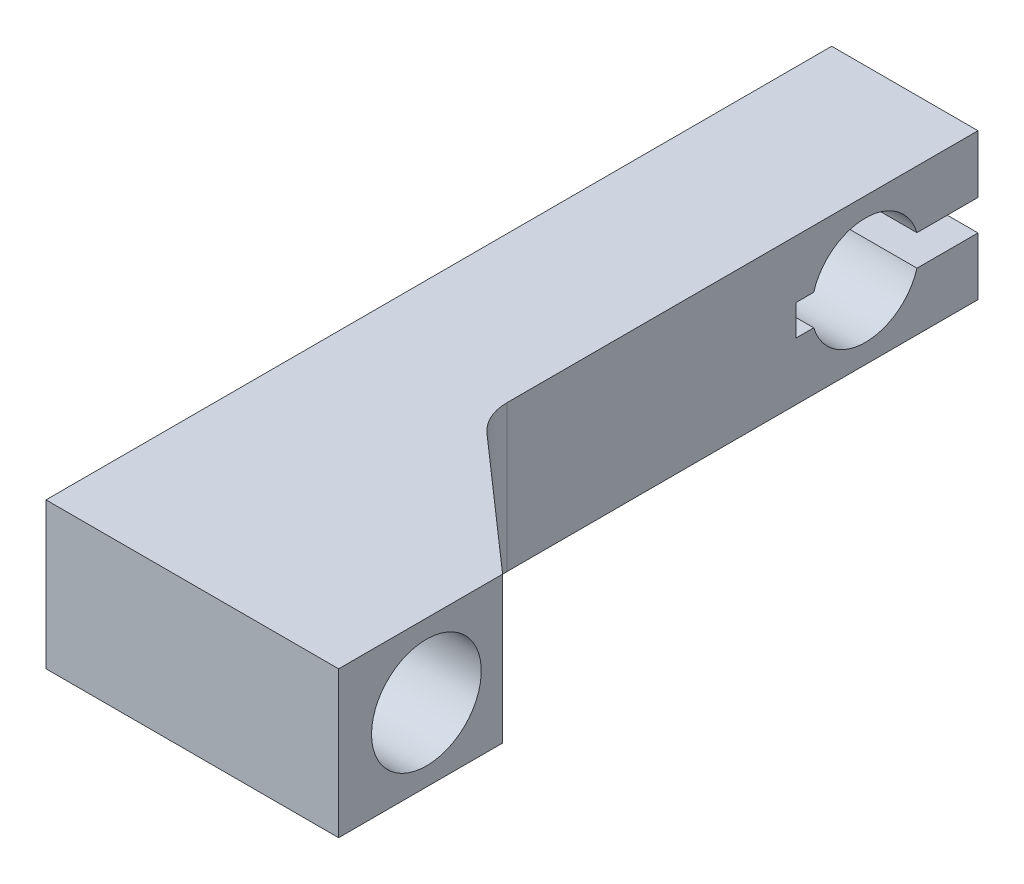
ISO-10303-21;
HEADER;
FILE_DESCRIPTION(('STEP AP214'),'2;1');
FILE_NAME('part.step','',(''),(''),'','','');
FILE_SCHEMA(('AUTOMOTIVE_DESIGN { 1 0 10303 214 1 1 1 1 }'));
ENDSEC;
DATA;
#1=APPLICATION_CONTEXT('core data for automotive mechanical design processes');
#2=APPLICATION_PROTOCOL_DEFINITION('international standard','automotive_design',2000,#1);
#3=PRODUCT_CONTEXT('',#1,'mechanical');
#4=PRODUCT('Part','Part','',(#3));
#5=PRODUCT_RELATED_PRODUCT_CATEGORY('part','',(#4));
#6=PRODUCT_DEFINITION_FORMATION('','',#4);
#7=PRODUCT_DEFINITION_CONTEXT('part definition',#1,'design');
#8=PRODUCT_DEFINITION('design','',#6,#7);
#9=PRODUCT_DEFINITION_SHAPE('','',#8);
#10=(LENGTH_UNIT() NAMED_UNIT(*) SI_UNIT(.MILLI.,.METRE.));
#11=(NAMED_UNIT(*) PLANE_ANGLE_UNIT() SI_UNIT($,.RADIAN.));
#12=(NAMED_UNIT(*) SI_UNIT($,.STERADIAN.) SOLID_ANGLE_UNIT());
#13=UNCERTAINTY_MEASURE_WITH_UNIT(LENGTH_MEASURE(1.E-05),#10,'distance_accuracy_value','');
#14=(GEOMETRIC_REPRESENTATION_CONTEXT(3) GLOBAL_UNCERTAINTY_ASSIGNED_CONTEXT((#13)) GLOBAL_UNIT_ASSIGNED_CONTEXT((#10,
#11,#12)) REPRESENTATION_CONTEXT('',''));
#15=CARTESIAN_POINT('',(0.,0.,0.));
#16=DIRECTION('',(0.,0.,1.));
#17=DIRECTION('',(1.,0.,0.));
#18=AXIS2_PLACEMENT_3D('',#15,#16,#17);
#19=CARTESIAN_POINT('',(38.1,0.,0.));
#20=DIRECTION('',(1.,0.,0.));
#21=DIRECTION('',(0.,0.,-1.));
#22=AXIS2_PLACEMENT_3D('',#19,#20,#21);
#23=PLANE('',#22);
#24=DIRECTION('',(0.,0.,1.));
#25=VECTOR('',#24,1.);
#26=CARTESIAN_POINT('',(38.1,19.05,-29.3371865019454));
#27=LINE('',#26,#25);
#28=CARTESIAN_POINT('',(38.1,19.05,-29.3371865019454));
#29=VERTEX_POINT('',#28);
#30=CARTESIAN_POINT('',(38.1,19.05,93.3120397279479));
#31=VERTEX_POINT('',#30);
#32=EDGE_CURVE('E197',#29,#31,#27,.T.);
#33=ORIENTED_EDGE('',*,*,#32,.T.);
#34=DIRECTION('',(0.,1.,0.));
#35=VECTOR('',#34,1.);
#36=CARTESIAN_POINT('',(38.1,0.,93.3120397279479));
#37=LINE('',#36,#35);
#38=CARTESIAN_POINT('',(38.1,-19.05,93.3120397279479));
#39=VERTEX_POINT('',#38);
#40=EDGE_CURVE('E62',#31,#39,#37,.F.);
#41=ORIENTED_EDGE('',*,*,#40,.T.);
#42=DIRECTION('',(0.,0.,-1.));
#43=VECTOR('',#42,1.);
#44=CARTESIAN_POINT('',(38.1,-19.05,-29.3371865019454));
#45=LINE('',#44,#43);
#46=CARTESIAN_POINT('',(38.1,-19.05,-29.3371865019454));
#47=VERTEX_POINT('',#46);
#48=EDGE_CURVE('E199',#39,#47,#45,.T.);
#49=ORIENTED_EDGE('',*,*,#48,.T.);
#50=DIRECTION('',(0.,1.,0.));
#51=VECTOR('',#50,1.);
#52=CARTESIAN_POINT('',(38.1,-19.05,-29.3371865019454));
#53=LINE('',#52,#51);
#54=CARTESIAN_POINT('',(38.1,-4.,-29.3371865019454));
#55=VERTEX_POINT('',#54);
#56=EDGE_CURVE('E201',#47,#55,#53,.T.);
#57=ORIENTED_EDGE('',*,*,#56,.T.);
#58=DIRECTION('',(0.,0.,1.));
#59=VECTOR('',#58,1.);
#60=CARTESIAN_POINT('',(38.1,-4.,-13.4424932583208));
#61=LINE('',#60,#59);
#62=CARTESIAN_POINT('',(38.1,-4.,-13.4424932583208));
#63=VERTEX_POINT('',#62);
#64=EDGE_CURVE('E203',#55,#63,#61,.T.);
#65=ORIENTED_EDGE('',*,*,#64,.T.);
#66=CARTESIAN_POINT('',(38.1,0.,0.));
#67=DIRECTION('',(-1.,0.,0.));
#68=DIRECTION('',(0.,0.,-1.));
#69=AXIS2_PLACEMENT_3D('',#66,#67,#68);
#70=CIRCLE('',#69,14.025);
#71=CARTESIAN_POINT('',(38.1,-4.,13.4424932583208));
#72=VERTEX_POINT('',#71);
#73=EDGE_CURVE('E181',#63,#72,#70,.T.);
#74=ORIENTED_EDGE('',*,*,#73,.T.);
#75=DIRECTION('',(0.,0.,1.));
#76=VECTOR('',#75,1.);
#77=CARTESIAN_POINT('',(38.1,-4.,18.025));
#78=LINE('',#77,#76);
#79=CARTESIAN_POINT('',(38.1,-4.,18.025));
#80=VERTEX_POINT('',#79);
#81=EDGE_CURVE('E184',#72,#80,#78,.T.);
#82=ORIENTED_EDGE('',*,*,#81,.T.);
#83=DIRECTION('',(0.,1.,0.));
#84=VECTOR('',#83,1.);
#85=CARTESIAN_POINT('',(38.1,4.,18.025));
#86=LINE('',#85,#84);
#87=CARTESIAN_POINT('',(38.1,4.,18.025));
#88=VERTEX_POINT('',#87);
#89=EDGE_CURVE('E187',#80,#88,#86,.T.);
#90=ORIENTED_EDGE('',*,*,#89,.T.);
#91=DIRECTION('',(0.,0.,-1.));
#92=VECTOR('',#91,1.);
#93=CARTESIAN_POINT('',(38.1,4.,18.025));
#94=LINE('',#93,#92);
#95=CARTESIAN_POINT('',(38.1,4.,13.4424932583208));
#96=VERTEX_POINT('',#95);
#97=EDGE_CURVE('E189',#88,#96,#94,.T.);
#98=ORIENTED_EDGE('',*,*,#97,.T.);
#99=CARTESIAN_POINT('',(38.1,0.,0.));
#100=DIRECTION('',(-1.,0.,0.));
#101=DIRECTION('',(0.,0.,-1.));
#102=AXIS2_PLACEMENT_3D('',#99,#100,#101);
#103=CIRCLE('',#102,14.025);
#104=CARTESIAN_POINT('',(38.1,4.,-13.4424932583208));
#105=VERTEX_POINT('',#104);
#106=EDGE_CURVE('E191',#96,#105,#103,.T.);
#107=ORIENTED_EDGE('',*,*,#106,.T.);
#108=DIRECTION('',(0.,0.,-1.));
#109=VECTOR('',#108,1.);
#110=CARTESIAN_POINT('',(38.1,4.,-13.4424932583208));
#111=LINE('',#110,#109);
#112=CARTESIAN_POINT('',(38.1,4.,-29.3371865019454));
#113=VERTEX_POINT('',#112);
#114=EDGE_CURVE('E193',#105,#113,#111,.T.);
#115=ORIENTED_EDGE('',*,*,#114,.T.);
#116=DIRECTION('',(0.,1.,0.));
#117=VECTOR('',#116,1.);
#118=CARTESIAN_POINT('',(38.1,4.,-29.3371865019454));
#119=LINE('',#118,#117);
#120=EDGE_CURVE('E195',#113,#29,#119,.T.);
#121=ORIENTED_EDGE('',*,*,#120,.T.);
#122=EDGE_LOOP('',(#33,#41,#49,#57,#65,#74,#82,#90,#98,#107,#115,#121));
#123=FACE_BOUND('',#122,.T.);
#124=ADVANCED_FACE('F41',(#123),#23,.T.);
#125=CARTESIAN_POINT('',(0.,0.,0.));
#126=DIRECTION('',(1.,0.,0.));
#127=DIRECTION('',(0.,0.,-1.));
#128=AXIS2_PLACEMENT_3D('',#125,#126,#127);
#129=PLANE('',#128);
#130=CARTESIAN_POINT('',(0.,0.,0.));
#131=DIRECTION('',(-1.,0.,0.));
#132=DIRECTION('',(0.,0.,-1.));
#133=AXIS2_PLACEMENT_3D('',#130,#131,#132);
#134=CIRCLE('',#133,14.025);
#135=CARTESIAN_POINT('',(0.,-4.,-13.4424932583208));
#136=VERTEX_POINT('',#135);
#137=CARTESIAN_POINT('',(0.,-4.,13.4424932583208));
#138=VERTEX_POINT('',#137);
#139=EDGE_CURVE('E180',#136,#138,#134,.T.);
#140=ORIENTED_EDGE('',*,*,#139,.F.);
#141=DIRECTION('',(0.,0.,1.));
#142=VECTOR('',#141,1.);
#143=CARTESIAN_POINT('',(0.,-4.,-13.4424932583208));
#144=LINE('',#143,#142);
#145=CARTESIAN_POINT('',(0.,-4.,-29.3371865019454));
#146=VERTEX_POINT('',#145);
#147=EDGE_CURVE('E185',#146,#136,#144,.T.);
#148=ORIENTED_EDGE('',*,*,#147,.F.);
#149=DIRECTION('',(0.,1.,0.));
#150=VECTOR('',#149,1.);
#151=CARTESIAN_POINT('',(0.,-19.05,-29.3371865019454));
#152=LINE('',#151,#150);
#153=CARTESIAN_POINT('',(0.,-19.05,-29.3371865019454));
#154=VERTEX_POINT('',#153);
#155=EDGE_CURVE('E226',#154,#146,#152,.T.);
#156=ORIENTED_EDGE('',*,*,#155,.F.);
#157=DIRECTION('',(0.,0.,-1.));
#158=VECTOR('',#157,1.);
#159=CARTESIAN_POINT('',(0.,-19.05,-29.3371865019454));
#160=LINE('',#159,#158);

*-*-*

Leave out the pictures and repeat exactly the lines from the first line of the data through the line containing "#11,#12)) REPRESENTATION_CONTEXT('',''));". Add nothing else.

ISO-10303-21;
HEADER;
FILE_DESCRIPTION(('STEP AP214'),'2;1');
FILE_NAME('part.step','',(''),(''),'','','');
FILE_SCHEMA(('AUTOMOTIVE_DESIGN { 1 0 10303 214 1 1 1 1 }'));
ENDSEC;
DATA;
#1=APPLICATION_CONTEXT('core data for automotive mechanical design processes');
#2=APPLICATION_PROTOCOL_DEFINITION('international standard','automotive_design',2000,#1);
#3=PRODUCT_CONTEXT('',#1,'mechanical');
#4=PRODUCT('Part','Part','',(#3));
#5=PRODUCT_RELATED_PRODUCT_CATEGORY('part','',(#4));
#6=PRODUCT_DEFINITION_FORMATION('','',#4);
#7=PRODUCT_DEFINITION_CONTEXT('part definition',#1,'design');
#8=PRODUCT_DEFINITION('design','',#6,#7);
#9=PRODUCT_DEFINITION_SHAPE('','',#8);
#10=(LENGTH_UNIT() NAMED_UNIT(*) SI_UNIT(.MILLI.,.METRE.));
#11=(NAMED_UNIT(*) PLANE_ANGLE_UNIT() SI_UNIT($,.RADIAN.));
#12=(NAMED_UNIT(*) SI_UNIT($,.STERADIAN.) SOLID_ANGLE_UNIT());
#13=UNCERTAINTY_MEASURE_WITH_UNIT(LENGTH_MEASURE(1.E-05),#10,'distance_accuracy_value','');
#14=(GEOMETRIC_REPRESENTATION_CONTEXT(3) GLOBAL_UNCERTAINTY_ASSIGNED_CONTEXT((#13)) GLOBAL_UNIT_ASSIGNED_CONTEXT((#10,
#11,#12)) REPRESENTATION_CONTEXT('',''));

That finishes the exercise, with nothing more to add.